Building a Self-Filling Puzzle Pool: Server-Driven Image Generation with S3 Caching
We had a performance problem. Every time a kid tapped a puzzle theme, the app made a round-trip to generate an AI image — 17 seconds of staring at a loading screen. The same image, for the same puzzle, every time. We were burning Hugging Face credits regenerating images that already existed.
The fix: a server-side puzzle pool that generates once and caches forever.
The Old Architecture
The client did everything:
- Kid taps “Ice Kingdom”
- Client picks a random puzzle from 4 hardcoded options
- Client calls
POST /api/image/generatewith the prompt - Server proxies to AI service (FLUX.1-schnell on Hugging Face)
- 17 seconds later, client gets a base64 image
- Client slices it into puzzle pieces
Every session, every user, same 4 puzzles, same 17-second wait. The server had an in-memory cache that helped on repeat visits within the same server session, but a restart wiped it.
The New Architecture
Client: GET /api/puzzles/frozen/next?index=5
↓
Server: Pool has index 5? ──yes──→ Return S3 URL (5ms)
──no───→ Generate AI image (17s)
Upload to S3
Save to pool DB
Return S3 URL
The client doesn’t know about AI generation. It sends an index, gets back a URL. The server handles the rest.
The Pool Model
Each pool entry is a MongoDB document:
{
stationId: "frozen",
promptIndex: 5,
imageUrl: "https://aws-platform-puzzle-images.s3.amazonaws.com/puzzles/frozen/67d4...png"
}
The promptIndex maps to a prompt bank — 40 unique prompts per station (400 total across 10 themes). “Polar Bear Slide”, “Ice Palace Dawn”, “Penguin Family”, and so on. Each prompt gets a cute children's book illustration, vibrant colors, friendly, adorable suffix before hitting the AI model.
Self-Filling Pool
Here’s the part I like: the pool fills itself as kids play.
- First kid hits Ice Kingdom index 0 → pool miss → generates “Polar Bear Slide” → uploads to S3 → saves to DB → serves image (slow, ~20s)
- Second kid hits index 0 → pool hit → serves S3 URL (fast, ~5ms)
- Third kid completes the puzzle, advances to index 1 → pool miss → generates “Ice Palace Dawn”
- Every kid after gets index 1 instantly
No background jobs. No pre-warming scripts. The pool fills organically. After 40 plays of a station, every image is cached and every future request is instant.
Client-Side Index Tracking
The client tracks one number per station in localStorage:
{"frozen": 3, "rainbows": 1, "kpop": 0}
This index only advances when you complete a puzzle. Back out without finishing? You get the same puzzle next time. Hit “Next Puzzle” on the completion screen? The index advances immediately.

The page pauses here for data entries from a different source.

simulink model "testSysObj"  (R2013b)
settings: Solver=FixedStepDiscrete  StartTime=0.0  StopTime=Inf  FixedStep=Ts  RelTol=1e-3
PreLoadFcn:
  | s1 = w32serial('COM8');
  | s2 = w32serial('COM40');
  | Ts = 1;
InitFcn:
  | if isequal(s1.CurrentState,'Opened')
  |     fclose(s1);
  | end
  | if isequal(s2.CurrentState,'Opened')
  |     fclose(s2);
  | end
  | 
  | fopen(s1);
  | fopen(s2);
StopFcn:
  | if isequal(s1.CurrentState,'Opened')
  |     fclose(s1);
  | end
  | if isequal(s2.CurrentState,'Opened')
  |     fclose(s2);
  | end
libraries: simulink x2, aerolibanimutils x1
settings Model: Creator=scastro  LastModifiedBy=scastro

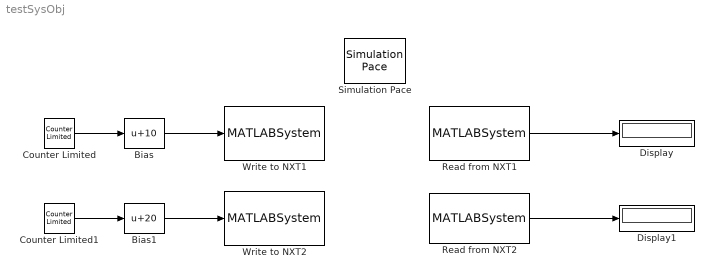
== system testSysObj ==
  Bias : Bias  Bias=10
  Bias1 : Bias  Bias=20
  Counter Limited : simulink/Sources/Counter Limited  uplimit=7  tsamp=Ts
  Counter Limited1 : simulink/Sources/Counter Limited  uplimit=7  tsamp=Ts
  Display : Display
  Display1 : Display
  Read from NXT1 : MATLABSystem  System=w32read  SimulateUsing=Interpreted execution  COMObj=s1  DataType=uint8  DataSize=1  DataLength=1  Mailbox=2
      mask Type: w32read
      mask Display:
      | disp('w32read');
      | port_label('output',1,'msg');
  Read from NXT2 : MATLABSystem  System=w32read  SimulateUsing=Interpreted execution  COMObj=s2  DataType=uint8  DataSize=1  DataLength=1  Mailbox=4
      mask Type: w32read
      mask Display:
      | disp('w32read');
      | port_label('output',1,'msg');
  Simulation Pace : aerolibanimutils/Simulation Pace  SimulationPace=1  SleepMode=MATLAB Thread  OutputPaceError=off  SampleTime=-1
      settings: AttributesFormatString=%<SimulationPace> sec/sec
  Write to NXT1 : MATLABSystem  System=w32write  SimulateUsing=Interpreted execution  COMObj=s1  DataType=uint8  DataSize=1  DataLength=1  Mailbox=1
      mask Type: w32write
      mask Display:
      | disp('w32write');
      | port_label('input',1,'data');
  Write to NXT2 : MATLABSystem  System=w32write  SimulateUsing=Interpreted execution  COMObj=s2  DataType=uint8  DataSize=1  DataLength=1  Mailbox=3
      mask Type: w32write
      mask Display:
      | disp('w32write');
      | port_label('input',1,'data');
  wires:
  Counter Limited/1 -> Bias/1
  Bias1/1 -> Write to NXT2/1
  Counter Limited1/1 -> Bias1/1
  Bias/1 -> Write to NXT1/1
  Read from NXT1/1 -> Display/1
  Read from NXT2/1 -> Display1/1

This is the entire client-side state for puzzle selection. No played-IDs, no dedup logic, no prompt bank. One number per station.
Why This Architecture
Three reasons:
1. Performance. Pool hits serve from S3 through CloudFront. Sub-100ms globally. No AI generation, no server compute.
2. Consistency. Every user sees the same image for index 5 of the frozen station. This matters for future features like leaderboards, shared progress, or “play the same puzzle as your friend.”
3. Offline support. This is the big one. Since puzzles are sequential and indexed, a React Native app can prefetch the next N images when on WiFi:
// While connected, download puzzles 5-14
for (let i = current; i < current + 10; i++) {
fetch(`/api/puzzles/frozen/next?index=${i}`)
.then(res => cacheToDevice(res.data.imageUrl))
}
When offline, intercept the request and serve from the device cache. The index-based design makes this trivial — you know exactly what to prefetch.
The Numbers
- 40 prompts per station, 10 stations = 400 unique puzzles
- Pool hit: ~5ms server, ~100ms with S3/CDN
- Pool miss: ~17s AI generation + ~2s S3 upload
- S3 storage: ~80KB per image, ~32MB for a full pool
- After 400 total plays across all stations, the pool is full and every request is instant
What’s Next
The pool is filling up as our first users play. We’re watching the MongoDB collection grow:
frozen: 10/40 cached
rainbows: 0/40
kpop: 0/40
...
Next up: React Native offline support using this same index-based architecture, and a monitoring alert for when HF credits run low (we learned that one the hard way).